Activity:
Leave every picture out and give back the lines below from the first through the line that holds "To Workspace1 : ToWorkspace", exactly as written.

[[ Dataset extract, beginning ]]

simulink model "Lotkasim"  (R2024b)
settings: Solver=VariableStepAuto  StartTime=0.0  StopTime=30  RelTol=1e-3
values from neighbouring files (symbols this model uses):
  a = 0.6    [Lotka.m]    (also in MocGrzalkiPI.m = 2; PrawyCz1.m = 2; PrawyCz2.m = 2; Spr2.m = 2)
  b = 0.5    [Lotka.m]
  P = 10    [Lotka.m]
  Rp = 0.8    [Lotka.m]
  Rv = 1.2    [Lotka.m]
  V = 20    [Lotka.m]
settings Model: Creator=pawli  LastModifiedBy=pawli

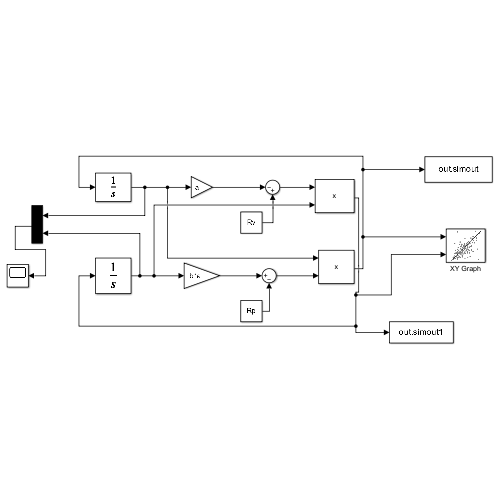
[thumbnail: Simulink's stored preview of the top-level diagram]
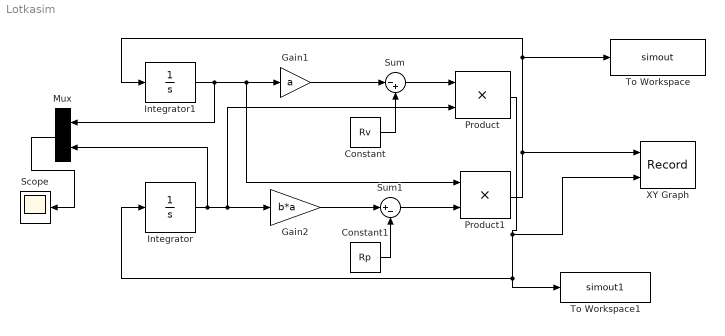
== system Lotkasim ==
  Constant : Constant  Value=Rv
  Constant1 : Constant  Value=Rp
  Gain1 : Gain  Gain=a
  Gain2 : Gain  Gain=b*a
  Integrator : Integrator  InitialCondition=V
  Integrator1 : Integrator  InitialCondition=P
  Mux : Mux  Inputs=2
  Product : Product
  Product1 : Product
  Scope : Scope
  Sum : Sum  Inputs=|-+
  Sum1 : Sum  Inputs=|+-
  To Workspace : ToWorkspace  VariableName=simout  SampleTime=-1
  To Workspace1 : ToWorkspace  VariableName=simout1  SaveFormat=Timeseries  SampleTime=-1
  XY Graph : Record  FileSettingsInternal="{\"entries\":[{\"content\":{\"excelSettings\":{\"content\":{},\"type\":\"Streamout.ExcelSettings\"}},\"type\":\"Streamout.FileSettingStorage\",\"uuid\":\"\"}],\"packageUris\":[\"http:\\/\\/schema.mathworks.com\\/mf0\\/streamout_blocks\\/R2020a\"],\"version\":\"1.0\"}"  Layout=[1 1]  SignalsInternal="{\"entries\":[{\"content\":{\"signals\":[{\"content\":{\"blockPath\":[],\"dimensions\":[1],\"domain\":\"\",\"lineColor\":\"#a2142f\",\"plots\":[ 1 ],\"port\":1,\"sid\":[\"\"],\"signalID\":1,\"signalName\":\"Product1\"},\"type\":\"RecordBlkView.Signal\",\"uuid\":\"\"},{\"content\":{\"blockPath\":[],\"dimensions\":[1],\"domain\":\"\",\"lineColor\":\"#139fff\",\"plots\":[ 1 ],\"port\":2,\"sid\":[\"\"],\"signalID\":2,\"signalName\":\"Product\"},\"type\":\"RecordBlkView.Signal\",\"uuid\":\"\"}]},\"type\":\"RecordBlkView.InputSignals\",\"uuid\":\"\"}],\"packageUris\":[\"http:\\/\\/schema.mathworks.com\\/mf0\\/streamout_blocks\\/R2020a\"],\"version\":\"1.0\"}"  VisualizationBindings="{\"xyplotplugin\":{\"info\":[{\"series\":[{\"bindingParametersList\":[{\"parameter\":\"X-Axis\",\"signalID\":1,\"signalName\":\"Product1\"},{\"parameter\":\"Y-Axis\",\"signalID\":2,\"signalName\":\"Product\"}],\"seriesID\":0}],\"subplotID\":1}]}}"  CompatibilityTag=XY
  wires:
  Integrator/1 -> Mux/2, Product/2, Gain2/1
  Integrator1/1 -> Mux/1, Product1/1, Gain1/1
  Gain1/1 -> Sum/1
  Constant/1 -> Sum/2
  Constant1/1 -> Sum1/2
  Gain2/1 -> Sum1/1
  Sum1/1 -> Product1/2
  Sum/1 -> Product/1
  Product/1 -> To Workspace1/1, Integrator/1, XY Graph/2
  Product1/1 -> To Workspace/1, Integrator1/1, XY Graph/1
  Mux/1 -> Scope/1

[[ Dataset extract, end ]]

Result of this exercise:
simulink model "Lotkasim"  (R2024b)
settings: Solver=VariableStepAuto  StartTime=0.0  StopTime=30  RelTol=1e-3
values from neighbouring files (symbols this model uses):
  a = 0.6    [Lotka.m]    (also in MocGrzalkiPI.m = 2; PrawyCz1.m = 2; PrawyCz2.m = 2; Spr2.m = 2)
  b = 0.5    [Lotka.m]
  P = 10    [Lotka.m]
  Rp = 0.8    [Lotka.m]
  Rv = 1.2    [Lotka.m]
  V = 20    [Lotka.m]
settings Model: Creator=pawli  LastModifiedBy=pawli

[thumbnail: Simulink's stored preview of the top-level diagram]
== system Lotkasim ==
  Constant : Constant  Value=Rv
  Constant1 : Constant  Value=Rp
  Gain1 : Gain  Gain=a
  Gain2 : Gain  Gain=b*a
  Integrator : Integrator  InitialCondition=V
  Integrator1 : Integrator  InitialCondition=P
  Mux : Mux  Inputs=2
  Product : Product
  Product1 : Product
  Scope : Scope
  Sum : Sum  Inputs=|-+
  Sum1 : Sum  Inputs=|+-
  To Workspace : ToWorkspace  VariableName=simout  SampleTime=-1
  To Workspace1 : ToWorkspace  VariableName=simout1  SaveFormat=Timeseries  SampleTime=-1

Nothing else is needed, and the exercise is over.